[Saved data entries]

---*---

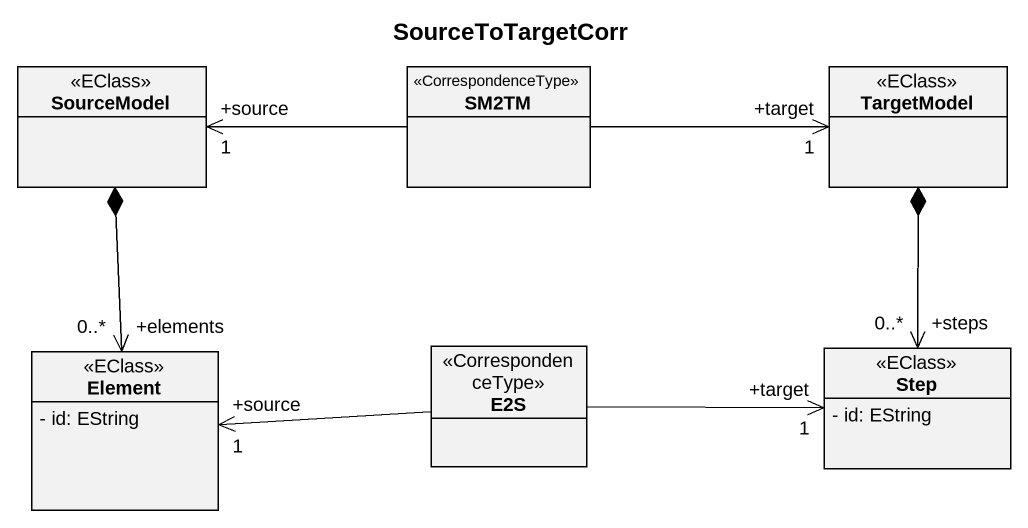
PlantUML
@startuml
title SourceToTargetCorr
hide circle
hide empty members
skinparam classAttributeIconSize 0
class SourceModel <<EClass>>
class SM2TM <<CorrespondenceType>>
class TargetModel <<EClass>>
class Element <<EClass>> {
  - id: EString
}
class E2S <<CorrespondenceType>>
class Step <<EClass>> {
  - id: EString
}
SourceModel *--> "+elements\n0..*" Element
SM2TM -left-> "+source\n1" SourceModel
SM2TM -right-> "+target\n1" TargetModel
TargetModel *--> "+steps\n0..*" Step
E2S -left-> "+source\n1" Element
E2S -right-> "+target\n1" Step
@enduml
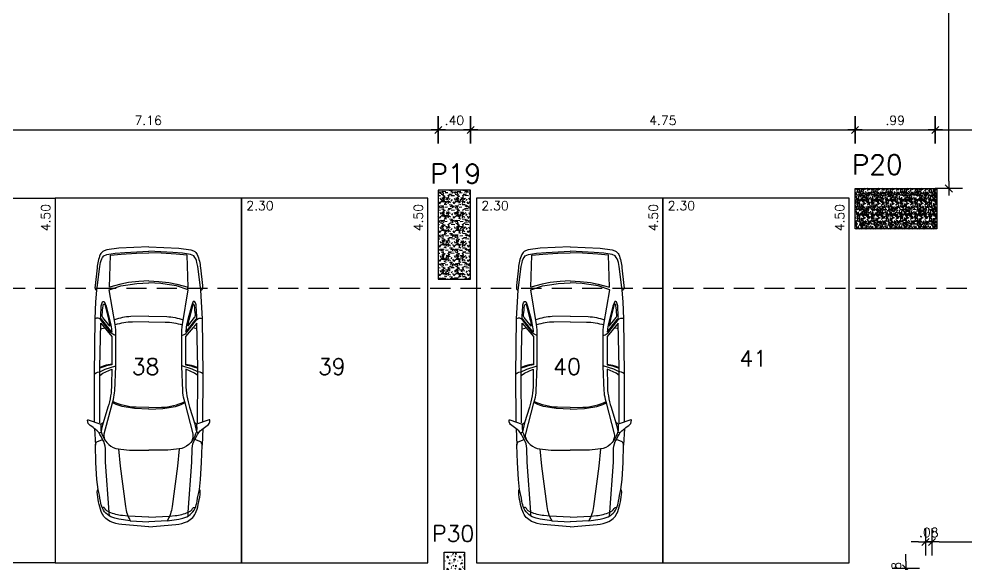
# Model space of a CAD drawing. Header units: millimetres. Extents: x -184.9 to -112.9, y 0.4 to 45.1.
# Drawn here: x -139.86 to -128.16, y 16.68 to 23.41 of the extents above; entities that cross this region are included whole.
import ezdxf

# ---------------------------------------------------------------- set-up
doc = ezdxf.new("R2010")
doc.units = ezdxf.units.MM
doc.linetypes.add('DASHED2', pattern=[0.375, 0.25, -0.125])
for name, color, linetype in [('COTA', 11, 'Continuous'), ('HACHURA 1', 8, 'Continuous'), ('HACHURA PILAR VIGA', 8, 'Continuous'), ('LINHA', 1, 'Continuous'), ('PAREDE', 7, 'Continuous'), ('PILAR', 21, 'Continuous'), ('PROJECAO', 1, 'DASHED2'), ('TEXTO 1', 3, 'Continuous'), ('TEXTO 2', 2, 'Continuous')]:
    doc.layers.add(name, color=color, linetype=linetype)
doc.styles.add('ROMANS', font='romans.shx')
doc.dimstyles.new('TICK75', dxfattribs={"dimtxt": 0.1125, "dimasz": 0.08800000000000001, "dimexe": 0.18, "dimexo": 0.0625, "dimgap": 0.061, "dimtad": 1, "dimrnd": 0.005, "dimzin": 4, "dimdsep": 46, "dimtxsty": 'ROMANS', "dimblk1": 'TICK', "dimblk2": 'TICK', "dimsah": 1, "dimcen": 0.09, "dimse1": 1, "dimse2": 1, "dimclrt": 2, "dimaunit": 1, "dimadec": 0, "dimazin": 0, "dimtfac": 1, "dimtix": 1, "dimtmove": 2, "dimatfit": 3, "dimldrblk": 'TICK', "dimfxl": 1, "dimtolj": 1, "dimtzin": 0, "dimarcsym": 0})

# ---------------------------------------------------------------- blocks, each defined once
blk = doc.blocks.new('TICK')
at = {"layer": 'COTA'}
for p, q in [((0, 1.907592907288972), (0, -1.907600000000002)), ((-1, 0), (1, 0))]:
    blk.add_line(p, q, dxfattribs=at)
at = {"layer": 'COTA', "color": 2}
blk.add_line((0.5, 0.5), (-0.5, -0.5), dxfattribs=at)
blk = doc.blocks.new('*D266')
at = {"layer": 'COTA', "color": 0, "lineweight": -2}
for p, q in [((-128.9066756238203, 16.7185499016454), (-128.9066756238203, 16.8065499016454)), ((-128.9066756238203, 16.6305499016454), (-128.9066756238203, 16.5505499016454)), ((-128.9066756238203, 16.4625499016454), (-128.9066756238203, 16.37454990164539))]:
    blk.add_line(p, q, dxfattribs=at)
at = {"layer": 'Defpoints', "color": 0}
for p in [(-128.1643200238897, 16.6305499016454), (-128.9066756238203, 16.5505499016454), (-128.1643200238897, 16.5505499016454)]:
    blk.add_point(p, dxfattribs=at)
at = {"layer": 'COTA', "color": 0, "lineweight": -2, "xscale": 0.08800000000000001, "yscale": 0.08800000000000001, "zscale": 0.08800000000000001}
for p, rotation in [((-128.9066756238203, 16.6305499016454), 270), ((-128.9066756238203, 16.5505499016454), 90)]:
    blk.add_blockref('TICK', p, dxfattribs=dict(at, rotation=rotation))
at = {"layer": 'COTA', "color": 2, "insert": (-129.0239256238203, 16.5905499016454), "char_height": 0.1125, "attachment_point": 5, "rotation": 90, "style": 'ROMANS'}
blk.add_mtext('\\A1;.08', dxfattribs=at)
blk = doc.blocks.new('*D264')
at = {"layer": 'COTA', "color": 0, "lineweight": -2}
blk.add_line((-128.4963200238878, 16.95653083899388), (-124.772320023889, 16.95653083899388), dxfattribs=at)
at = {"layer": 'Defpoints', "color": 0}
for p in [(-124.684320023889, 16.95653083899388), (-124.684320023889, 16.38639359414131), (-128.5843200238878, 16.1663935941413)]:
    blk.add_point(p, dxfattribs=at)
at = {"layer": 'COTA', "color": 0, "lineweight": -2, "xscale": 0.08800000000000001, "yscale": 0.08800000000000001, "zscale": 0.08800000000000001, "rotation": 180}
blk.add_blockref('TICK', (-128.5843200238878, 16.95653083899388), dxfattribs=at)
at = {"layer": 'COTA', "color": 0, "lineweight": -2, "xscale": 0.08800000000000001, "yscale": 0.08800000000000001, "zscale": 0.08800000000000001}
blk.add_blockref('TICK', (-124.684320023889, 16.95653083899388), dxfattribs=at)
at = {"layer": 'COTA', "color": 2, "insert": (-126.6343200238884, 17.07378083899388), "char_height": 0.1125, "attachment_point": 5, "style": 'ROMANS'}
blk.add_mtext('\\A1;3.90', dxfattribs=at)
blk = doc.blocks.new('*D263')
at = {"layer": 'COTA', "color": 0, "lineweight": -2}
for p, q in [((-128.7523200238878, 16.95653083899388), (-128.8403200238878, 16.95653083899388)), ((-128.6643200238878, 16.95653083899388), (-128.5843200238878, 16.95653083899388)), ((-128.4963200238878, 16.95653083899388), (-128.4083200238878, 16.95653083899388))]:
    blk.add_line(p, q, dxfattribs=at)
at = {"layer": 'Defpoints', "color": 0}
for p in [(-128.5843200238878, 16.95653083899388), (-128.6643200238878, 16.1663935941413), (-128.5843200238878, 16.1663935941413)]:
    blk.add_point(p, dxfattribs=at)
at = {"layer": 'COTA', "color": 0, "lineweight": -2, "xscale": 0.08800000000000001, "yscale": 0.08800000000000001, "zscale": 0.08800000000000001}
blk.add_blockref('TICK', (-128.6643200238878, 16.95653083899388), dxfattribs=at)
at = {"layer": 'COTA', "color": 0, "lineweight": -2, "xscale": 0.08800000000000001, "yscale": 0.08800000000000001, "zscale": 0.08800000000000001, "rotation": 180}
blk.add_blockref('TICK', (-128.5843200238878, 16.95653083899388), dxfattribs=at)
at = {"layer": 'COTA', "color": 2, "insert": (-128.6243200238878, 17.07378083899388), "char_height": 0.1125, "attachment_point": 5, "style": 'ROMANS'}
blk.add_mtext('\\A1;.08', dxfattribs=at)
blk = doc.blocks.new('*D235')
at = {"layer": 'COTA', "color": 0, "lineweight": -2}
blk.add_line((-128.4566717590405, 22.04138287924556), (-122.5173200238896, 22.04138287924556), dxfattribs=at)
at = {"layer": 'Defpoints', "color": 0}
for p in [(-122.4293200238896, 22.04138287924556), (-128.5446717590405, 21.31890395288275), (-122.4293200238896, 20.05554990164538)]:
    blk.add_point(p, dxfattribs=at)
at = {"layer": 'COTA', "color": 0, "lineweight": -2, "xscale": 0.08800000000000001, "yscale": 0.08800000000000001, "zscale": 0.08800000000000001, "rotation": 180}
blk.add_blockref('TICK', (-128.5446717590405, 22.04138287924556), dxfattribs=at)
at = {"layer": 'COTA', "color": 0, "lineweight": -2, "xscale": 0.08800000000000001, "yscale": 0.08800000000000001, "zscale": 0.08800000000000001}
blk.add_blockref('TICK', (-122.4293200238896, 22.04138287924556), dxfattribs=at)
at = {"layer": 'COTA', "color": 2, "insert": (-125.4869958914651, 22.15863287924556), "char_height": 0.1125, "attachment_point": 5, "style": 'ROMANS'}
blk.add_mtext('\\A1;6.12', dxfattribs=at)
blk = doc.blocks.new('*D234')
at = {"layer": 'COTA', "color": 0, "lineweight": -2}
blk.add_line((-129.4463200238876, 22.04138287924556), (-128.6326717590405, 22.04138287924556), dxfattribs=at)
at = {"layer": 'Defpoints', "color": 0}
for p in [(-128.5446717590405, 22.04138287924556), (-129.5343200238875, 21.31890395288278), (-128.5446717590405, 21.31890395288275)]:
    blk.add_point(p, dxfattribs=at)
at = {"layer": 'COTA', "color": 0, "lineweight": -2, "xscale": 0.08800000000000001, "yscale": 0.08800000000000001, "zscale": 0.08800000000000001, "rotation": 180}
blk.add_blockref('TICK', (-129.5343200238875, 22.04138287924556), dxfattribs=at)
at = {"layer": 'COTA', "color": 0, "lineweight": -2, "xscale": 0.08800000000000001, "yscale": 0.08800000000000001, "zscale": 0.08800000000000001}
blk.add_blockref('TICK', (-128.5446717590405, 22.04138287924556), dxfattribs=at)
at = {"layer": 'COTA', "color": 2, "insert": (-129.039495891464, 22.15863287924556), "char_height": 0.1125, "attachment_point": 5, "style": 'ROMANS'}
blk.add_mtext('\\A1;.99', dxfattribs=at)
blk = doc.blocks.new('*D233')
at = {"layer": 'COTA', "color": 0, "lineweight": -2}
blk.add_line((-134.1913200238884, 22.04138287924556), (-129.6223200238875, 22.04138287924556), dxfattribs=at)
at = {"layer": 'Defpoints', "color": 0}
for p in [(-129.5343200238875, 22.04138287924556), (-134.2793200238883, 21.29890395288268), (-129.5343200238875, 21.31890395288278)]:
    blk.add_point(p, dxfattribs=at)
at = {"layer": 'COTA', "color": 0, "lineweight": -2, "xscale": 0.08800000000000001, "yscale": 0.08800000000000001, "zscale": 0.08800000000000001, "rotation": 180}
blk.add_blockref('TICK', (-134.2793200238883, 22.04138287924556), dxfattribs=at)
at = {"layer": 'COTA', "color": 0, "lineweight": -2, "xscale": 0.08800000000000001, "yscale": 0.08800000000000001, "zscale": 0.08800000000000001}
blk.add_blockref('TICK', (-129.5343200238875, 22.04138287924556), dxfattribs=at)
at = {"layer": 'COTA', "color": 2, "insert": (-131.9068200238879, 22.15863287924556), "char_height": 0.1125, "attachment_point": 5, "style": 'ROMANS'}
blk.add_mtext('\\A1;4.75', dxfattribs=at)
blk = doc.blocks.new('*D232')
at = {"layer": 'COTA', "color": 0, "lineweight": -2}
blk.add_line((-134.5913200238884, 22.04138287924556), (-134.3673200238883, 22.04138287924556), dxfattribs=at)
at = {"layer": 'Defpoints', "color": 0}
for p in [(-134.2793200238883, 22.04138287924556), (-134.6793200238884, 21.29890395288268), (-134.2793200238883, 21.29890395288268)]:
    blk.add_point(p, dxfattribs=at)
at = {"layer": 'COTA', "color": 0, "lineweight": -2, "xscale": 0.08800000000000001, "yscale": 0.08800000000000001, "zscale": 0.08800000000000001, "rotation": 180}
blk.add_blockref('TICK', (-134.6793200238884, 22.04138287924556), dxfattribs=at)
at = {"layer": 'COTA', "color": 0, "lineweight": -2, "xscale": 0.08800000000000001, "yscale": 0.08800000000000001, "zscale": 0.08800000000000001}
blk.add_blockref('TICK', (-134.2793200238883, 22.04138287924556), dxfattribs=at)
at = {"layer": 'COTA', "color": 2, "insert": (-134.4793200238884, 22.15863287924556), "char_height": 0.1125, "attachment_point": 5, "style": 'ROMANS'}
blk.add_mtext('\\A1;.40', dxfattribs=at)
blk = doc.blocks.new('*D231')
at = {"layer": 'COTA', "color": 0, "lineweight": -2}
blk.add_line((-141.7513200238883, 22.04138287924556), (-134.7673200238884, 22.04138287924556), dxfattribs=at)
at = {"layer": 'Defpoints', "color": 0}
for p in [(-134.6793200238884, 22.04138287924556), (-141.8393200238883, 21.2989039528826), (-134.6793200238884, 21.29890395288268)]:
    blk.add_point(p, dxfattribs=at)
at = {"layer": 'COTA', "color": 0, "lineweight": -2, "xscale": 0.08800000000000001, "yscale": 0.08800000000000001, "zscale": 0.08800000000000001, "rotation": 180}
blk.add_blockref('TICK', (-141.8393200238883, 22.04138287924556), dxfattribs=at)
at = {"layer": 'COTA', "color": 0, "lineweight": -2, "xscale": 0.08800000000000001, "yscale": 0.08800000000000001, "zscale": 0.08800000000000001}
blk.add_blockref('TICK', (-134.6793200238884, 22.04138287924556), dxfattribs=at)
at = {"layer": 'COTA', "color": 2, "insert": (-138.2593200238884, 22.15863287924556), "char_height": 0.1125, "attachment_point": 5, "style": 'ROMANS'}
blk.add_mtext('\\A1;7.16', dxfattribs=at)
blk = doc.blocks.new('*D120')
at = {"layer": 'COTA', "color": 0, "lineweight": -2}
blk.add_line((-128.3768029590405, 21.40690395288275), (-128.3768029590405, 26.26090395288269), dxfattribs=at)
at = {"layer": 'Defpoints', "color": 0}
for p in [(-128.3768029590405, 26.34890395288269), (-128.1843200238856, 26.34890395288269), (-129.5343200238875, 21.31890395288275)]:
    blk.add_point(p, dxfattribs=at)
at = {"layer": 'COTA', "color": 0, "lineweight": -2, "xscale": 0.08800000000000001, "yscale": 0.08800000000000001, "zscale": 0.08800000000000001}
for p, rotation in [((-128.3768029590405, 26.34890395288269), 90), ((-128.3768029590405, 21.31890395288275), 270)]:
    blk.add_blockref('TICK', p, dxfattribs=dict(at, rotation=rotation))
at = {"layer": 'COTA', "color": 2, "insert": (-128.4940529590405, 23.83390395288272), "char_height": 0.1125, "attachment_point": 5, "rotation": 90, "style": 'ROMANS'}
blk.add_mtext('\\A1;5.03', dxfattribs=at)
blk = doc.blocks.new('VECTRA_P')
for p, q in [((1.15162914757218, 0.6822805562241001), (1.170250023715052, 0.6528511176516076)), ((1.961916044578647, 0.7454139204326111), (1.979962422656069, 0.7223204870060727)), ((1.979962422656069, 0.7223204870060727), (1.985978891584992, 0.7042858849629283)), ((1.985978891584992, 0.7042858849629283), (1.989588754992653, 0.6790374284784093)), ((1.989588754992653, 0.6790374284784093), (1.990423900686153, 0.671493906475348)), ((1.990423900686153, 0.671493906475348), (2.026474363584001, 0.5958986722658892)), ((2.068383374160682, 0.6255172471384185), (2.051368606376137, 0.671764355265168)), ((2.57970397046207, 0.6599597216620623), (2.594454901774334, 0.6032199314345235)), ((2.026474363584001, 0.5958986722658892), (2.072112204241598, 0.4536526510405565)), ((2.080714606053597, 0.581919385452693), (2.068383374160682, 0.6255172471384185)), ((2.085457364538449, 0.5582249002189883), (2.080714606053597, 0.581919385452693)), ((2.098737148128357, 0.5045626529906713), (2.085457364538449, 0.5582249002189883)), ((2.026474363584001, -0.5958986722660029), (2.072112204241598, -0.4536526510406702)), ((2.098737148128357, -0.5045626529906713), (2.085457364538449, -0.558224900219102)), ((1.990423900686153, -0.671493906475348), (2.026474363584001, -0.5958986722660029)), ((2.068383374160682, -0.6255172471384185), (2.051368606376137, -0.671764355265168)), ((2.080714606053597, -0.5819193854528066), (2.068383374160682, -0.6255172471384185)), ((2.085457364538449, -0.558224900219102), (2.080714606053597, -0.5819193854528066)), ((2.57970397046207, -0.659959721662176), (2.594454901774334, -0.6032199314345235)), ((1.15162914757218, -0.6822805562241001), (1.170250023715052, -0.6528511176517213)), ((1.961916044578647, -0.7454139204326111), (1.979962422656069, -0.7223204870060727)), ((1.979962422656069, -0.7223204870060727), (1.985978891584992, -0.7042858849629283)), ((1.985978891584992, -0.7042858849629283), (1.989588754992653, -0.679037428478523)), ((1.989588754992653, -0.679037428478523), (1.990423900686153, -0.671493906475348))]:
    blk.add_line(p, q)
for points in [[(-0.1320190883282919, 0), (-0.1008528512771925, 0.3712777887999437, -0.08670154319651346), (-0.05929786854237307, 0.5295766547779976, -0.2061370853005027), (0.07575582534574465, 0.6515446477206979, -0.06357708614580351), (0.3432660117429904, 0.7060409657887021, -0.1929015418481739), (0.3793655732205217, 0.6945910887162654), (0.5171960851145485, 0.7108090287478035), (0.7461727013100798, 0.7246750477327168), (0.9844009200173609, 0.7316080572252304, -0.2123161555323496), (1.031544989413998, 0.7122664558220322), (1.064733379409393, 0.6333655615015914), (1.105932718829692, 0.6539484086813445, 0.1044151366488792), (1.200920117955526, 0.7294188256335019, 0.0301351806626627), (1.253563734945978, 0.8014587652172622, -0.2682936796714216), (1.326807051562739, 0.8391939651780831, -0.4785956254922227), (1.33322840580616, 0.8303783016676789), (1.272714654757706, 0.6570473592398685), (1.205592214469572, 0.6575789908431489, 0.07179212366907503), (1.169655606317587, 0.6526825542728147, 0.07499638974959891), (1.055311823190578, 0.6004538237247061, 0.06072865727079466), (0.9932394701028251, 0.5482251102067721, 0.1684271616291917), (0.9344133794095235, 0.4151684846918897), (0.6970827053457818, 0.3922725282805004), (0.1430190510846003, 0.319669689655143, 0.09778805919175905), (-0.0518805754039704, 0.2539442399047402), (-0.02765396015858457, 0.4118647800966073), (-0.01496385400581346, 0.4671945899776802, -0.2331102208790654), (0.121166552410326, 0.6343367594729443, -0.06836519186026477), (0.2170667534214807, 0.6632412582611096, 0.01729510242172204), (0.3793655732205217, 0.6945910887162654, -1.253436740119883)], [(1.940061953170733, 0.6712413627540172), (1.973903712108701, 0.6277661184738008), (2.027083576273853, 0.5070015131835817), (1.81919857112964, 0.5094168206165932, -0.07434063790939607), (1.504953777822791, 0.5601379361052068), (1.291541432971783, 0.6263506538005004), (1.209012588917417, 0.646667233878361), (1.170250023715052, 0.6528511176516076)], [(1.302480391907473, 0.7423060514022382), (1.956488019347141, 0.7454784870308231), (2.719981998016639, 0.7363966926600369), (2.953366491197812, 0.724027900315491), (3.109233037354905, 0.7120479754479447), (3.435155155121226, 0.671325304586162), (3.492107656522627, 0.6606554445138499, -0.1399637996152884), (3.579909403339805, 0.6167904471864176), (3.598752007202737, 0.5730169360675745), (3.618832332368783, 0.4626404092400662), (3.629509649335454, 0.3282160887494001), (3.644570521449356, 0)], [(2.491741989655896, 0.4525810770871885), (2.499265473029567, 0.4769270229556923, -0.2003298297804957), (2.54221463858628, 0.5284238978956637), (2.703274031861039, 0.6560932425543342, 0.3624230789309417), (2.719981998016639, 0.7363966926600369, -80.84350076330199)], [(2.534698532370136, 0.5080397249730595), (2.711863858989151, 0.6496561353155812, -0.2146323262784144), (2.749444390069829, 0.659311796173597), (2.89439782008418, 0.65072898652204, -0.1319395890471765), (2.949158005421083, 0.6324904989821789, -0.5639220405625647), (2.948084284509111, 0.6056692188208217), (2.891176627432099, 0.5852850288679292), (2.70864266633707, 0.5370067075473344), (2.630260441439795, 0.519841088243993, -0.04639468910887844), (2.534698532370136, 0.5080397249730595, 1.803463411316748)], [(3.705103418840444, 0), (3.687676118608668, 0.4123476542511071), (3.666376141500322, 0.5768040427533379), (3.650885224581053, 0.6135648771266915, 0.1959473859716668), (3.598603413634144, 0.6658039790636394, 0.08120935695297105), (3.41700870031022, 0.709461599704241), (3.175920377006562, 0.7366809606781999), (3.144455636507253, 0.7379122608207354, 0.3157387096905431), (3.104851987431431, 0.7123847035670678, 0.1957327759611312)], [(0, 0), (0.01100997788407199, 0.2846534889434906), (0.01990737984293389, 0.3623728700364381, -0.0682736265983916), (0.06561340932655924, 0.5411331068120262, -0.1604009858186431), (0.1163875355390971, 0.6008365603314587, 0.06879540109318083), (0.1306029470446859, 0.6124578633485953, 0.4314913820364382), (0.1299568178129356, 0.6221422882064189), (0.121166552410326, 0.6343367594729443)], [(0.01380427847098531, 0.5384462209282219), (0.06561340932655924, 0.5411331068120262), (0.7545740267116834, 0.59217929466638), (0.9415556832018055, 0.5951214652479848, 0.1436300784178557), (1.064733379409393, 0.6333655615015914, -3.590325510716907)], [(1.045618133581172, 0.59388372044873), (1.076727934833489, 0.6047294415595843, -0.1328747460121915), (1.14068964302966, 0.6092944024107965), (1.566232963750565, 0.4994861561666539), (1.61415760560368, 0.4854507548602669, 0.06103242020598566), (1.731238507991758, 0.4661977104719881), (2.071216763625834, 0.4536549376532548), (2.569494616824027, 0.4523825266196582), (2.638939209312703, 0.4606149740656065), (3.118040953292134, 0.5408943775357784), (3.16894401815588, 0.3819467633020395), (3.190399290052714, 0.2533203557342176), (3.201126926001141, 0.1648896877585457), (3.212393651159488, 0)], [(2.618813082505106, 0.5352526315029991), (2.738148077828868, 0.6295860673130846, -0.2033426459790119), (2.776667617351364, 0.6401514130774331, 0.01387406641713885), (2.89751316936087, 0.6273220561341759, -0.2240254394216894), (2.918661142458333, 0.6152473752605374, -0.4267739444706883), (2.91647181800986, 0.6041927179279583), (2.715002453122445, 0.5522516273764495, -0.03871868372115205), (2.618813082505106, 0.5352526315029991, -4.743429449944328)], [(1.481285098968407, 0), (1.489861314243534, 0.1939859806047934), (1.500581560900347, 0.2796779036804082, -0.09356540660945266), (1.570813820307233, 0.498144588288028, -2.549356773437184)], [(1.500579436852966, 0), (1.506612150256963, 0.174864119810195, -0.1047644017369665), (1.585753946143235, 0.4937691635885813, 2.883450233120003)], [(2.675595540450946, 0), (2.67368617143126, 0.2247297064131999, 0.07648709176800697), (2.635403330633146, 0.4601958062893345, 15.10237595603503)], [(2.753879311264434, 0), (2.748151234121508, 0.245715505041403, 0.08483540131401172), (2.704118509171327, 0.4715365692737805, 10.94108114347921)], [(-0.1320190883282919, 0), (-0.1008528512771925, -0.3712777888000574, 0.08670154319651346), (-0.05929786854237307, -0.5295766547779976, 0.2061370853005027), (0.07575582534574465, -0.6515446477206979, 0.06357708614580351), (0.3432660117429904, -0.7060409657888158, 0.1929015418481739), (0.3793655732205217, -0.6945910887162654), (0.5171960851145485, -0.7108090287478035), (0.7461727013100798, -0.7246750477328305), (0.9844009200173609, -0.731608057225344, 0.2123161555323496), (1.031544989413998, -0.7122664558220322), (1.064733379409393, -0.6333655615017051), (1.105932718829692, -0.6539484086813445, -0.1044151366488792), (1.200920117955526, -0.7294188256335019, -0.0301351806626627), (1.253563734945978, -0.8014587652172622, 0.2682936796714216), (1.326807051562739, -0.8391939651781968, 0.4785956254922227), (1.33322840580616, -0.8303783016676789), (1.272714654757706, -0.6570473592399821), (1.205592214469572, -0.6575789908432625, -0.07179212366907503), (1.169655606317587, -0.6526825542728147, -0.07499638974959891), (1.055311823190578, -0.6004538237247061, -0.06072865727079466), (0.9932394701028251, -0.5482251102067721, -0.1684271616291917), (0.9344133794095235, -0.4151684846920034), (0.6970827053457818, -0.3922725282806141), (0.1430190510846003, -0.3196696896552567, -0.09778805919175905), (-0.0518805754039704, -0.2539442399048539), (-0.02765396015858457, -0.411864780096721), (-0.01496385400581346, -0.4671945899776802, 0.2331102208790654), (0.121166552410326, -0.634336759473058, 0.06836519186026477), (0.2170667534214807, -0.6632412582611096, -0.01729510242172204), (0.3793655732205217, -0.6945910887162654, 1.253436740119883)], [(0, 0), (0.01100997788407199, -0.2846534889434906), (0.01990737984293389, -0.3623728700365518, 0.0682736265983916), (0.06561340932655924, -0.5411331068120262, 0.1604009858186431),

---*---

**Aim of the task:** Take the stretch of lines above from the one containing "blk.add_mtext('\\A1;5.03', dxfattribs=at)" through the one containing "blk = doc.blocks.new('VECTRA_P')" and repeat it exactly, adding no other line.

**Exercise output:**
blk.add_mtext('\\A1;5.03', dxfattribs=at)
blk = doc.blocks.new('VECTRA_P')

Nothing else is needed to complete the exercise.